From the Guidelines
The American College of Obstetricians and Gynecologists (ACOG) recommends bimanual pelvic examination as part of comprehensive gynecologic care, though not necessarily at every visit, based on expert opinion and moderate-quality evidence 1.
Key Points
- ACOG supports bimanual examination during initial assessment, when evaluating specific gynecologic complaints, and as part of periodic well-woman visits in certain circumstances.
- The procedure allows detection of abnormalities such as masses, tenderness, or organ enlargement that might indicate conditions like fibroids, ovarian cysts, or pelvic inflammatory disease.
- However, the frequency of bimanual exams should be determined through shared decision-making between patient and provider, considering the patient's age, risk factors, and medical history.
- For asymptomatic women, especially those under 21 or not sexually active, routine bimanual exams may not be necessary at every visit, as the current evidence shows that harms outweigh any demonstrated benefits associated with the screening pelvic examination 1.
Evidence Summary
The evidence from the American College of Physicians (ACP) suggests that screening pelvic examination in asymptomatic, nonpregnant, adult women does not reduce mortality or morbidity rates, and may lead to harms such as fear, anxiety, embarrassment, pain, and discomfort 1.
Clinical Considerations
- The ACP recommends against performing screening pelvic examination in asymptomatic, nonpregnant, adult women, with a strong recommendation and moderate-quality evidence 1.

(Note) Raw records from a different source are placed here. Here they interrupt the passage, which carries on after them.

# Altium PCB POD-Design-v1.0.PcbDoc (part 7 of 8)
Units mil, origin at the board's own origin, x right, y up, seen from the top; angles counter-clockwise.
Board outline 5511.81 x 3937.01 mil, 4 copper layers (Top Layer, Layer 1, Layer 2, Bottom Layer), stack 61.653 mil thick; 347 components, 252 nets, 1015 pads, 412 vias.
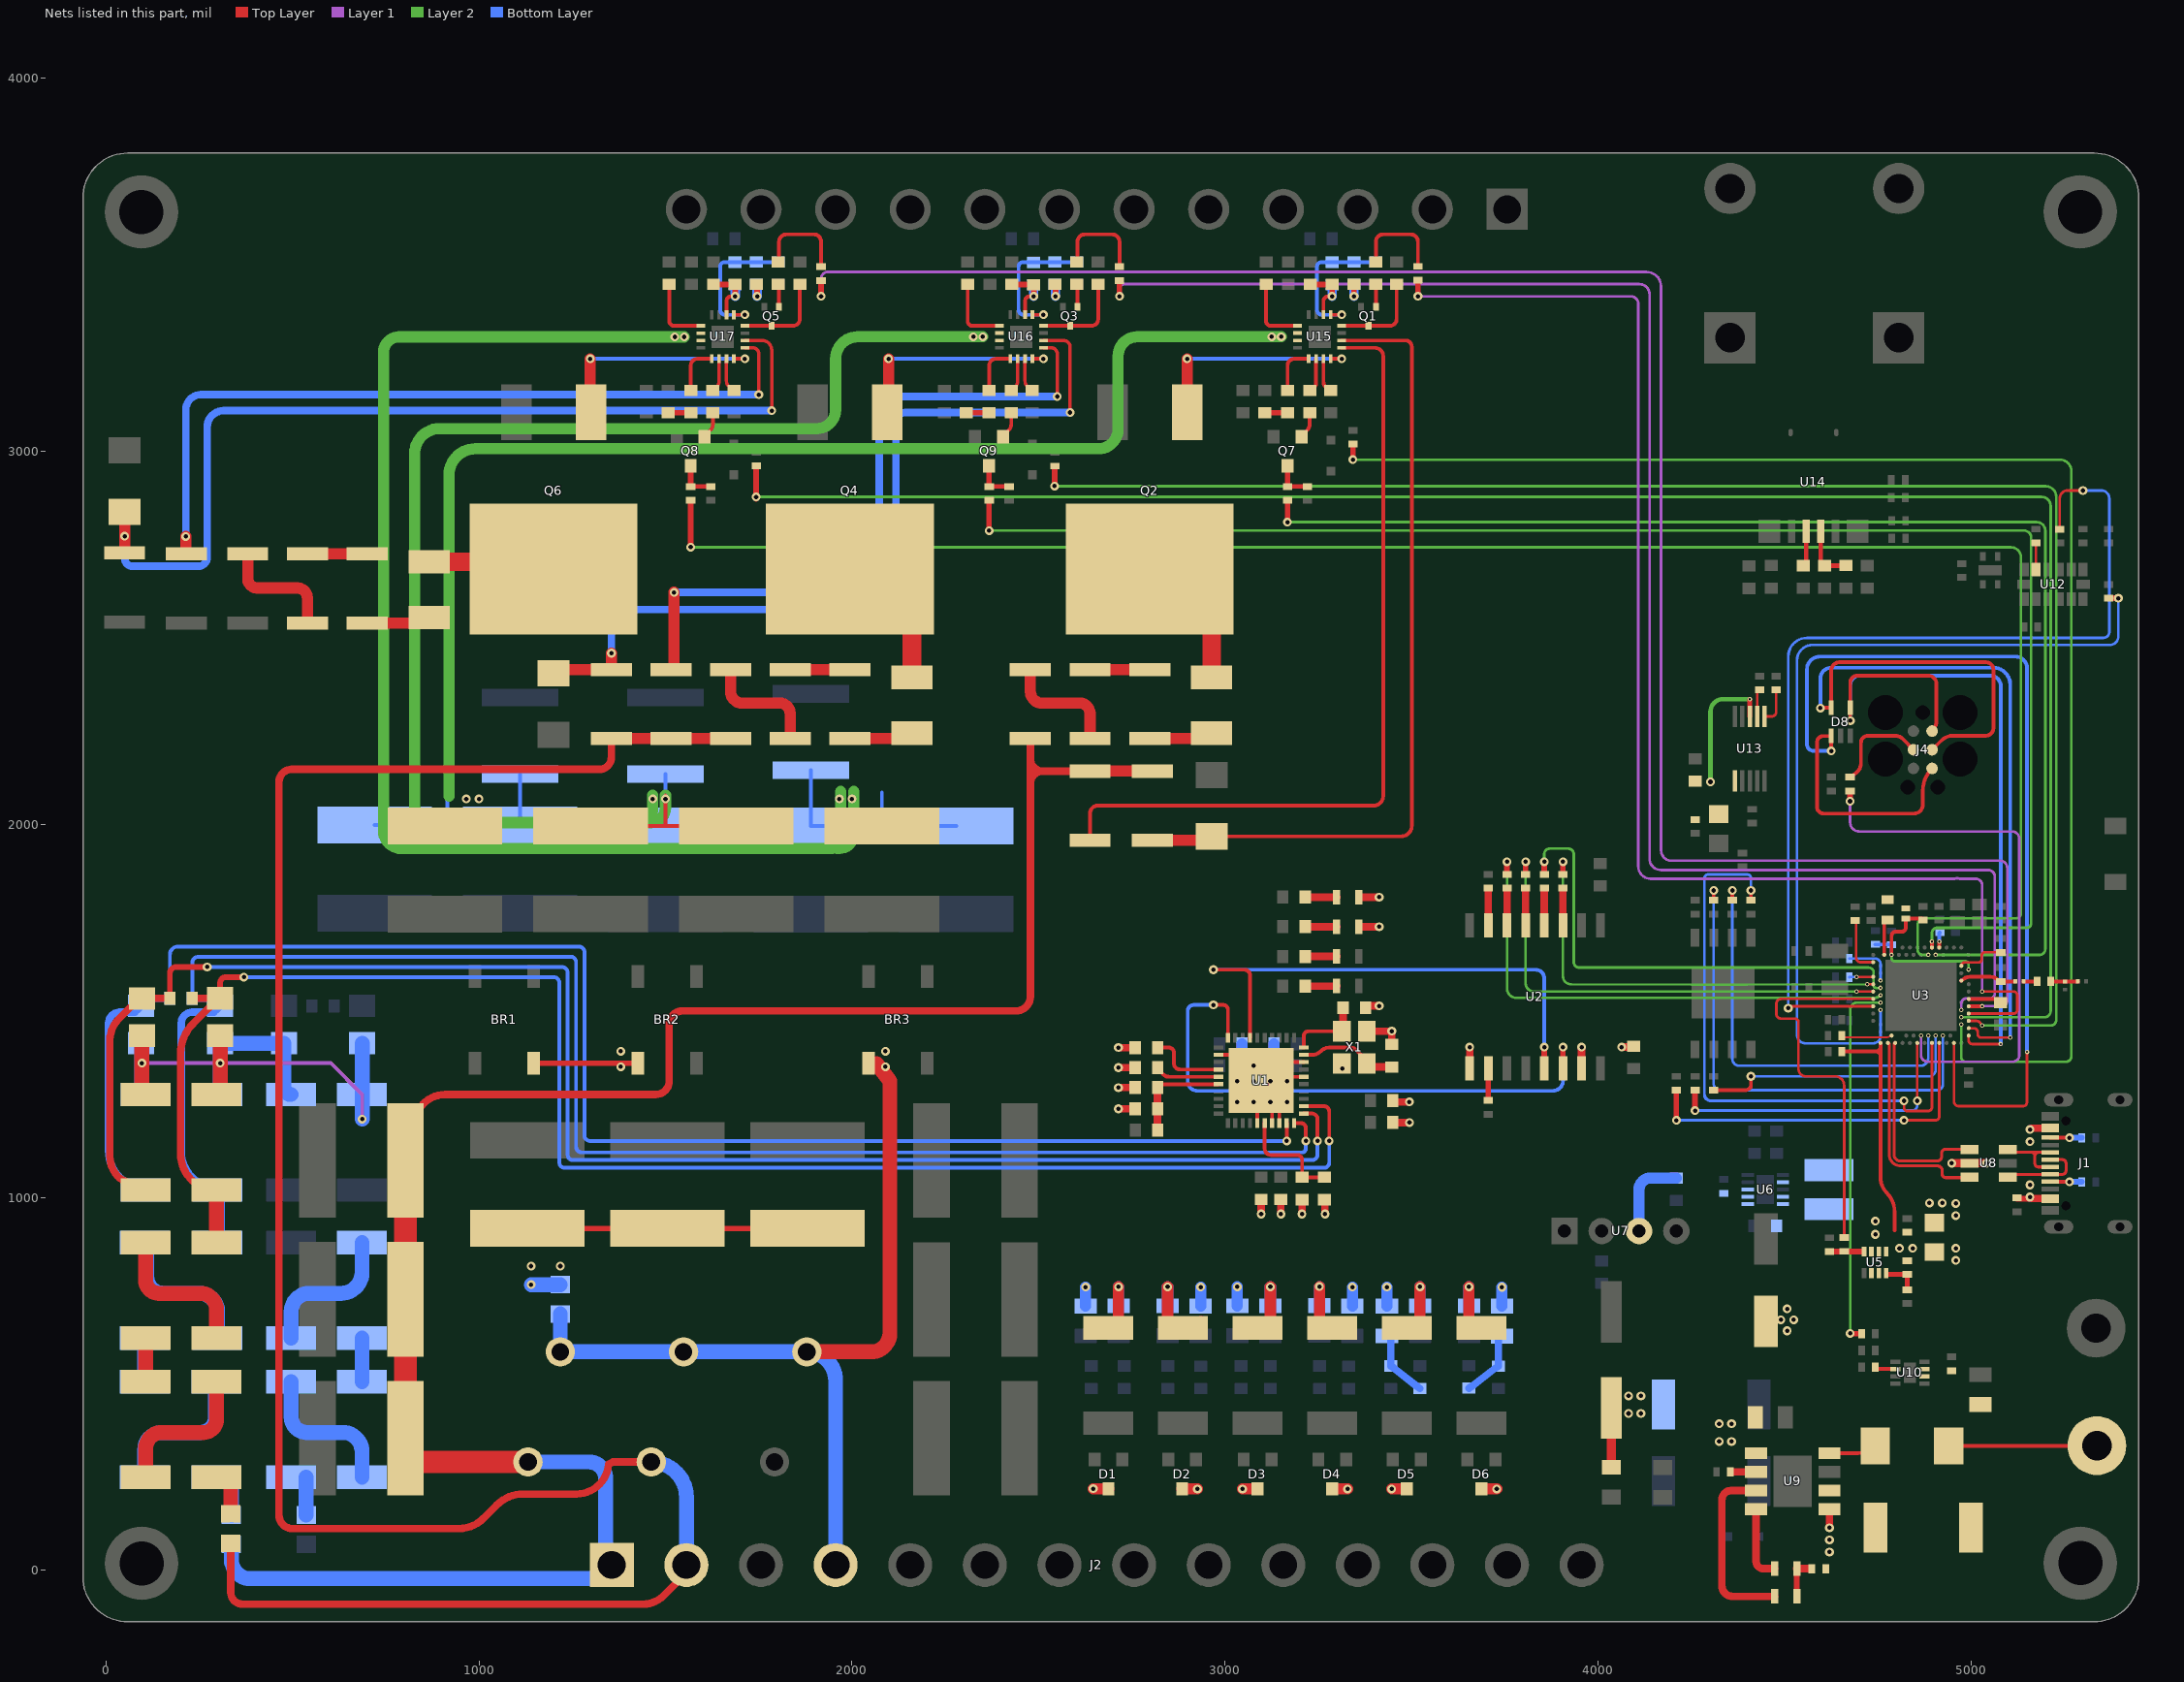
[diagram p5: the nets of this part, all layers, seen from the top]

## Via types
v1: diameter 23.62, hole 11.81, Top Layer to Bottom Layer, tented both sides, 381 vias
v2: diameter 11.81, hole 5.91, Top Layer to Bottom Layer, tented both sides, 30 vias
v3: diameter 15.75, hole 5.91, Top Layer to Bottom Layer, tented both sides, 1 vias

## Nets (pads, with @x,y where several pads share a name; then routed paths per layer and width w, separated by ;. In a path a pad name is that pad's centre, name@x,y a point inside that pad or via, vN(x,y) a via of type N, cw(c..) or ccw(c..) an arc to the next point about the centre after c; other vN are vias at no path point) (continued)
NetC9_2: C9.2 U1.30 X1.3 | length 209.7
  Top Layer w10: U1.30@3210.97,1402.08 3210.97,1432.27 cw(c3224.41,1432.27) 3224.41,1445.71 X1.3@3313.03,1445.71 ccw(c3313.03,1449.17) X1.3@3316.5,1449.17
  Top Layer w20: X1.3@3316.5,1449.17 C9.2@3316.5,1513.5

- The total annual cost of preventive gynecologic examinations and associated laboratory and radiologic services in the United States is estimated to be $2.6 billion, with Medicare payments from 2013 being $38.11 for a screening pelvic examination and $45.93 for collection of a Papanicolaou (Pap) smear specimen 1.
Recommendation
Based on the evidence, it is recommended to perform bimanual pelvic examination only when clinically indicated, and not as a routine screening test for asymptomatic women, in order to minimize harms and reduce unnecessary costs 1.
From the Research
Bimanual Examination Recommendations
- The American College of Obstetricians and Gynecologists (ACOG) recommends that pelvic examinations be performed when indicated by medical history or symptoms 2.
- ACOG suggests that the decision to perform a pelvic examination should be a shared decision between the patient and her obstetrician-gynecologist or other gynecologic care provider 2.
- There is no evidence to support a recommendation for or against performing a routine screening pelvic examination among asymptomatic, nonpregnant women who are not at increased risk of any specific gynecologic condition 2.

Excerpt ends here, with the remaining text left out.